Illustrirtes Familienblatt. – Herausgeber Ernst Keil.

Wöchentlich bis 2 Bogen.    Vierteljährlich 15 Ngr. – In Heften à 5 Ngr.



Am Altar.


Von E. Werner, Verfasser des „Helden der Feder“.


(Fortsetzung.)


„Ich habe Ihnen schon einmal bekannt, Herr Graf, daß ich Ihrer Güte nur Undank entgegen setze,“ erwiderte Bruno leise. „Verzeihen Sie mir und – geben Sie mich auf!“

Bei der geringsten Nachgiebigkeit von Seiten seines Schützlings verschwand sofort aller Zorn aus dem Wesen des Grafen.

„Dich aufgeben! Also weißt Du wenigstens, daß Du in Gefahr schwebst! Bruno, wie konntest Du diese unselige Predigt wagen! Du mußtest doch wissen, mußtest doch berechnen, welche Folgen sie auf Dein Haupt herabzieht.“

Der junge Priester hob düster das Auge wieder empor. „Wenn ich überhaupt berechnet hätte, so wäre das Ganze unterblieben.
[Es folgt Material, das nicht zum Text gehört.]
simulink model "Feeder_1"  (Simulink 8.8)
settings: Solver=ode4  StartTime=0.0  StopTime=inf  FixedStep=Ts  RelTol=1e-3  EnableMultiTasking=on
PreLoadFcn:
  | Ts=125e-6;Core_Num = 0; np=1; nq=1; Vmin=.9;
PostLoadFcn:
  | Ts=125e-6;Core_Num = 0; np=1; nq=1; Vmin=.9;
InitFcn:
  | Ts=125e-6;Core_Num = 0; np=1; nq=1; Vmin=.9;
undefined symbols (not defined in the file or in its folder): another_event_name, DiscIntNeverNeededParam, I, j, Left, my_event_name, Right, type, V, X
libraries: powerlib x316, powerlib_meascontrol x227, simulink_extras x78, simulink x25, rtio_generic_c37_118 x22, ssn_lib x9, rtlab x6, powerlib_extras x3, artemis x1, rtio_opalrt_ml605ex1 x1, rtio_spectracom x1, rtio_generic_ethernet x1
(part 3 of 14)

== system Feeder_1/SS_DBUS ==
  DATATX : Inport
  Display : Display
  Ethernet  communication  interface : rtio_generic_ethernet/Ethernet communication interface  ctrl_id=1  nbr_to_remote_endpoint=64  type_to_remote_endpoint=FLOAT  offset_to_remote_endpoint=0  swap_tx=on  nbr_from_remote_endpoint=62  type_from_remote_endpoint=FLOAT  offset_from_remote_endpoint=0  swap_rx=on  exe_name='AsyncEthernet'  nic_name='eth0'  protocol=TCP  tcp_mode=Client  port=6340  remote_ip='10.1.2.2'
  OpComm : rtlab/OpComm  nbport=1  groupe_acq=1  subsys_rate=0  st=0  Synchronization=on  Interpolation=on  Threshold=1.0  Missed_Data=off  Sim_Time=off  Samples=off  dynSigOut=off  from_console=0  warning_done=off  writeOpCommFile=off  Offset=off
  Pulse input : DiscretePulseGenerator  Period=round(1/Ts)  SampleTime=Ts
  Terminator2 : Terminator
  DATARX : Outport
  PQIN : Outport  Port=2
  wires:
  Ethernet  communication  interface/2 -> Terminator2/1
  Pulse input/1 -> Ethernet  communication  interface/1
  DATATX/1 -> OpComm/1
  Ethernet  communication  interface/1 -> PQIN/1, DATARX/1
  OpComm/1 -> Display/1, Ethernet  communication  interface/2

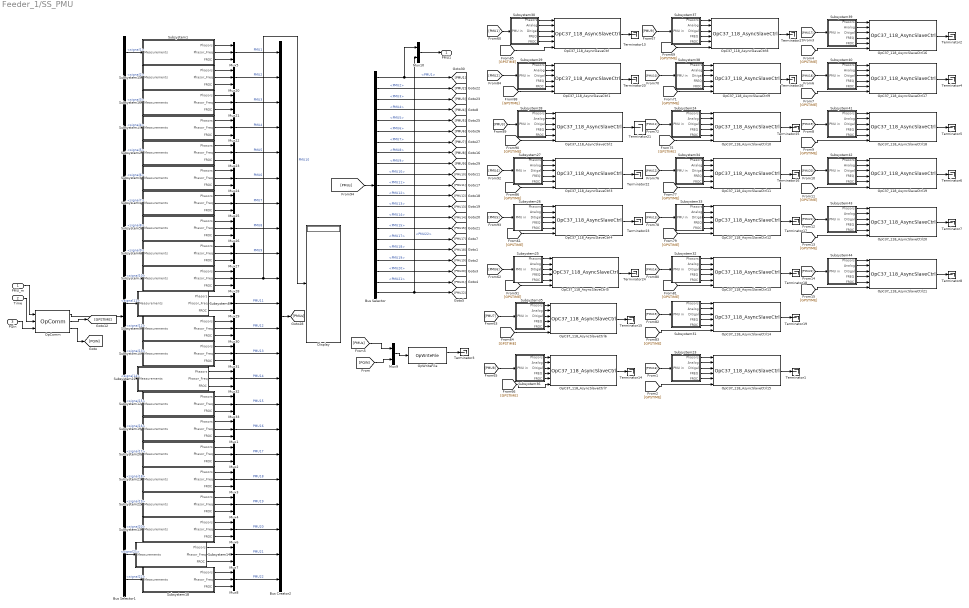
== system Feeder_1/SS_PMU ==
  PMU_m : Inport
  Time : Inport  Port=2
  PQin : Inport  Port=3
  Bus Creator2 : BusCreator  Inputs=22
  Bus Selector : BusSelector  OutputSignals=PMU1,PMU2,PMU3,PMU4,PMU5,PMU6,PMU7,PMU8,PMU9,PMU10,PMU11,PMU12,PMU13,PMU14,PMU15,PMU17,PMU18,PMU19,PMU20,PMU21,PMU22
  Bus Selector1 : BusSelector  OutputSignals=signal1,signal2,signal3,signal4,signal5,signal6,signal7,signal8,signal9,signal10,signal11,signal12,signal13,signal14,signal15,signal16,signal17,signal18,signal19,signal20,signal21,signal22
  Display : Display
  Mux{1..8,20..33} (22 alike) : Mux  Inputs=3
  Mux10 : Mux  Inputs=2
  Mux9 : Mux  Inputs=2
  OpC37_118_AsyncSlaveCtrl : rtio_generic_c37_118/OpC37_118_AsyncSlaveCtrl  dev_id=1  pmu_name='PMU1'  core_nbr=0  exe_name='AsyncC37_118_Slave'  nic_name='eth2'  proto=TCP  udp_port=7501  ip_addr_local='10.1.6.88'  port_local=7518  nominal_freq=60 Hz  data_rate_50=50  data_rate_60=30  timebase=1000000  ts_in=on  cfg_name='pmu_in_cfg.xml'
  OpC37_118_AsyncSlaveCtrl1 : rtio_generic_c37_118/OpC37_118_AsyncSlaveCtrl  dev_id=2  pmu_name='PMU2'  core_nbr=0  exe_name='AsyncC37_118_Slave'  nic_name='eth2'  proto=TCP  udp_port=7502  ip_addr_local='10.1.6.89'  port_local=7519  nominal_freq=60 Hz  data_rate_50=50  data_rate_60=30  timebase=1000000  ts_in=on  cfg_name='pmu_in_cfg.xml'
  OpC37_118_AsyncSlaveCtrl10 : rtio_generic_c37_118/OpC37_118_AsyncSlaveCtrl  dev_id=11  pmu_name='PMU11'  core_nbr=0  exe_name='AsyncC37_118_Slave'  nic_name='eth2'  proto=TCP  udp_port=7511  ip_addr_local='10.1.6.98'  port_local=7528  nominal_freq=60 Hz  data_rate_50=50  data_rate_60=30  timebase=1000000  ts_in=on  cfg_name='pmu_in_cfg.xml'
  OpC37_118_AsyncSlaveCtrl11 : rtio_generic_c37_118/OpC37_118_AsyncSlaveCtrl  dev_id=12  pmu_name='PMU12'  core_nbr=0  exe_name='AsyncC37_118_Slave'  nic_name='eth2'  proto=TCP  udp_port=7512  ip_addr_local='10.1.6.99'  port_local=7529  nominal_freq=60 Hz  data_rate_50=50  data_rate_60=30  timebase=1000000  ts_in=on  cfg_name='pmu_in_cfg.xml'
  OpC37_118_AsyncSlaveCtrl12 : rtio_generic_c37_118/OpC37_118_AsyncSlaveCtrl  dev_id=13  pmu_name='PMU13'  core_nbr=0  exe_name='AsyncC37_118_Slave'  nic_name='eth2'  proto=TCP  udp_port=7513  ip_addr_local='10.1.6.100'  port_local=7530  nominal_freq=60 Hz  data_rate_50=50  data_rate_60=30  timebase=1000000  ts_in=on  cfg_name='pmu_in_cfg.xml'
  OpC37_118_AsyncSlaveCtrl13 : rtio_generic_c37_118/OpC37_118_AsyncSlaveCtrl  dev_id=14  pmu_name='PMU14'  core_nbr=0  exe_name='AsyncC37_118_Slave'  nic_name='eth2'  proto=TCP  udp_port=7514  ip_addr_local='10.1.6.101'  port_local=7531  nominal_freq=60 Hz  data_rate_50=50  data_rate_60=30  timebase=1000000  ts_in=on  cfg_name='pmu_in_cfg.xml'
  OpC37_118_AsyncSlaveCtrl14 : rtio_generic_c37_118/OpC37_118_AsyncSlaveCtrl  dev_id=15  pmu_name='PMU15'  core_nbr=0  exe_name='AsyncC37_118_Slave'  nic_name='eth2'  proto=TCP  udp_port=7515  ip_addr_local='10.1.6.102'  port_local=7532  nominal_freq=60 Hz  data_rate_50=50  data_rate_60=30  timebase=1000000  ts_in=on  cfg_name='pmu_in_cfg.xml'
  OpC37_118_AsyncSlaveCtrl15 : rtio_generic_c37_118/OpC37_118_AsyncSlaveCtrl  dev_id=16  pmu_name='PMU16'  core_nbr=0  exe_name='AsyncC37_118_Slave'  nic_name='eth2'  proto=TCP  udp_port=7515  ip_addr_local='10.1.6.103'  port_local=7533  nominal_freq=60 Hz  data_rate_50=50  data_rate_60=30  timebase=1000000  ts_in=on  cfg_name='pmu_in_cfg.xml'
  OpC37_118_AsyncSlaveCtrl16 : rtio_generic_c37_118/OpC37_118_AsyncSlaveCtrl  dev_id=17  pmu_name='PMU17'  core_nbr=0  exe_name='AsyncC37_118_Slave'  nic_name='eth2'  proto=TCP  udp_port=7515  ip_addr_local='10.1.6.104'  port_local=7534  nominal_freq=60 Hz  data_rate_50=50  data_rate_60=30  timebase=1000000  ts_in=on  cfg_name='pmu_in_cfg.xml'
  OpC37_118_AsyncSlaveCtrl17 : rtio_generic_c37_118/OpC37_118_AsyncSlaveCtrl  dev_id=18  pmu_name='PMU18'  core_nbr=0  exe_name='AsyncC37_118_Slave'  nic_name='eth2'  proto=TCP  udp_port=7515  ip_addr_local='10.1.6.105'  port_local=7535  nominal_freq=60 Hz  data_rate_50=50  data_rate_60=30  timebase=1000000  ts_in=on  cfg_name='pmu_in_cfg.xml'
  OpC37_118_AsyncSlaveCtrl18 : rtio_generic_c37_118/OpC37_118_AsyncSlaveCtrl  dev_id=19  pmu_name='PMU19'  core_nbr=0  exe_name='AsyncC37_118_Slave'  nic_name='eth2'  proto=TCP  udp_port=7515  ip_addr_local='10.1.6.106'  port_local=7536  nominal_freq=60 Hz  data_rate_50=50  data_rate_60=30  timebase=1000000  ts_in=on  cfg_name='pmu_in_cfg.xml'
  OpC37_118_AsyncSlaveCtrl19 : rtio_generic_c37_118/OpC37_118_AsyncSlaveCtrl  dev_id=20  pmu_name='PMU20'  core_nbr=0  exe_name='AsyncC37_118_Slave'  nic_name='eth2'  proto=TCP  udp_port=7515  ip_addr_local='10.1.6.107'  port_local=7537  nominal_freq=60 Hz  data_rate_50=50  data_rate_60=30  timebase=1000000  ts_in=on  cfg_name='pmu_in_cfg.xml'
  OpC37_118_AsyncSlaveCtrl2 : rtio_generic_c37_118/OpC37_118_AsyncSlaveCtrl  dev_id=3  pmu_name='PMU3'  core_nbr=0  exe_name='AsyncC37_118_Slave'  nic_name='eth2'  proto=TCP  udp_port=7503  ip_addr_local='10.1.6.90'  port_local=7520  nominal_freq=60 Hz  data_rate_50=50  data_rate_60=30  timebase=1000000  ts_in=on  cfg_name='pmu_in_cfg.xml'
  OpC37_118_AsyncSlaveCtrl20 : rtio_generic_c37_118/OpC37_118_AsyncSlaveCtrl  dev_id=21  pmu_name='PMU21'  core_nbr=0  exe_name='AsyncC37_118_Slave'  nic_name='eth2'  proto=TCP  udp_port=7515  ip_addr_local='10.1.6.108'  port_local=7538  nominal_freq=60 Hz  data_rate_50=50  data_rate_60=30  timebase=1000000  ts_in=on  cfg_name='pmu_in_cfg.xml'
  OpC37_118_AsyncSlaveCtrl21 : rtio_generic_c37_118/OpC37_118_AsyncSlaveCtrl  dev_id=22  pmu_name='PMU22'  core_nbr=0  exe_name='AsyncC37_118_Slave'  nic_name='eth2'  proto=TCP  udp_port=7515  ip_addr_local='10.1.6.109'  port_local=7539  nominal_freq=60 Hz  data_rate_50=50  data_rate_60=30  timebase=1000000  ts_in=on  cfg_name='pmu_in_cfg.xml'
  OpC37_118_AsyncSlaveCtrl3 : rtio_generic_c37_118/OpC37_118_AsyncSlaveCtrl  dev_id=4  pmu_name='PMU4'  core_nbr=0  exe_name='AsyncC37_118_Slave'  nic_name='eth2'  proto=TCP  udp_port=7504  ip_addr_local='10.1.6.91'  port_local=7521  nominal_freq=60 Hz  data_rate_50=50  data_rate_60=30  timebase=1000000  ts_in=on  cfg_name='pmu_in_cfg.xml'
  OpC37_118_AsyncSlaveCtrl4 : rtio_generic_c37_118/OpC37_118_AsyncSlaveCtrl  dev_id=5  pmu_name='PMU5'  core_nbr=0  exe_name='AsyncC37_118_Slave'  nic_name='eth2'  proto=TCP  udp_port=7505  ip_addr_local='10.1.6.92'  port_local=7522  nominal_freq=60 Hz  data_rate_50=50  data_rate_60=30  timebase=1000000  ts_in=on  cfg_name='pmu_in_cfg.xml'
  OpC37_118_AsyncSlaveCtrl5 : rtio_generic_c37_118/OpC37_118_AsyncSlaveCtrl  dev_id=6  pmu_name='PMU6'  core_nbr=0  exe_name='AsyncC37_118_Slave'  nic_name='eth2'  proto=TCP  udp_port=7506  ip_addr_local='10.1.6.93'  port_local=7523  nominal_freq=60 Hz  data_rate_50=50  data_rate_60=30  timebase=1000000  ts_in=on  cfg_name='pmu_in_cfg.xml'
  OpC37_118_AsyncSlaveCtrl6 : rtio_generic_c37_118/OpC37_118_AsyncSlaveCtrl  dev_id=7  pmu_name='PMU7'  core_nbr=0  exe_name='AsyncC37_118_Slave'  nic_name='eth2'  proto=TCP  udp_port=7507  ip_addr_local='10.1.6.94'  port_local=7524  nominal_freq=60 Hz  data_rate_50=50  data_rate_60=30  timebase=1000000  ts_in=on  cfg_name='pmu_in_cfg.xml'
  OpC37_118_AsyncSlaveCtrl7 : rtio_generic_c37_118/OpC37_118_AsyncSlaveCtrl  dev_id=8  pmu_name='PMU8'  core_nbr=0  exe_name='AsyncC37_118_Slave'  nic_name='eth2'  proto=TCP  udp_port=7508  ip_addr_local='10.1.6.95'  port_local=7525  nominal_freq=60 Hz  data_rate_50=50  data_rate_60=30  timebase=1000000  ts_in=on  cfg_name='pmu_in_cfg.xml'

Ich bin doch noch Mönch genug, den Gehorsam zu halten, den ich meinen Oberen gelobt habe, und ich weiß, daß jene Rede furchtbar dagegen stritt. Aber als ich mich inmitten all der versammelten Wallfahrer sah, die sich in blinder Andacht vor mir neigten, als ich denken mußte, daß vielleicht Hunderte von ihnen ihre Kinder einst in dieselben Fesseln zwingen, die jetzt mich zu Boden drücken, da übermannte es mich mit unwiderstehlicher Gewalt und riß mich fort wider meinen Willen, ich konnte die Worte nicht mehr zügeln – erst als ich von der Kanzel zurücktrat, kam mir zum Bewußtsein, was ich eigentlich gesprochen.“

Rhaneck schüttelte das Haupt. „Das Unglück ist der Ort, wo Du es gesprochen. Wäre es hier in N. geschehen, vor der kleinen Pfarrgemeinde, die Sache ließe sich vielleicht noch ausgleichen, aber vor dem zusammengeströmten Volke, vor den Tausenden von Wallfahrern, die jedes Deiner Worte bis in die fernsten Punkte des Gebirges tragen – das verzeiht Dir mein Bruder nie!“

„Ich weiß es!“

„Warum hast Du mir nicht bekannt, daß Du den Stand hassest, dem ich Dich weihte?“ fragte der Graf gepreßt. „Ich hätte Dich nicht gezwungen, beim Himmel, ich hätte es nicht gethan, trotz alles Drängens meines Bruders! Aber ich glaubte Dich ja im vollsten Einklange mit Dir selbst und mit Deiner Zukunft.“

Benedict lächelte bitter. „Hätte ich am Tage der Priesterweihe empfunden, wie ich jetzt empfinde, keine Macht der Erde hätte mich in dies Gewand gezwungen. Sie vergessen, daß ich im Priesterseminar erzogen bin, wo alles Wollen und Können immer nur blind in die eine Richtung geleitet wird, wo keine Minute unbewacht und keine unbenutzt bleibt. Erst im Kloster fand ich Zeit zum Denken, fand ich mitten unter all dem äußeren Zwange Freiheit genug, mir selbst zu leben, und da erst kam das Erwachen – zu spät!“

Mit einem schweren Seufzer schien sich Rhaneck von dem peinigenden Gedanken losreißen zu wollen. „Wir wollen nicht um Vergangenes streiten!“ sagte er entschlossen, „die Gegenwart ist drohend genug. Du bist nach dem Stifte zurückberufen?“

„Ja.“

„Und Du wirst dem Rufe folgen?“

„Dem Befehle meines Abtes? Gewiß!“

Der Graf trat ihm hastig einen Schritt näher. „Du darfst nicht zurück, unter keiner Bedingung! Muß ich Dir erst sagen, was Dich dort erwartet? Warnt Dich nicht das Schicksal so manches Deiner Gesinnungsgenossen und bist Du nicht lange genug Mönch gewesen, um zu wissen, welcher Rache ein Kloster, welcher Rache Deine Brüder fähig sind? Und Du hast sie furchtbar gereizt, Bruno, Du hast ihnen den Fehdehandschuh ingeworfen – sie können Dir nicht verzeihen!“

Der junge Caplan lehnte sich mit verschränkten Armen an den Stamm des Kreuzes und richtete das Auge fest auf den Sprechenden.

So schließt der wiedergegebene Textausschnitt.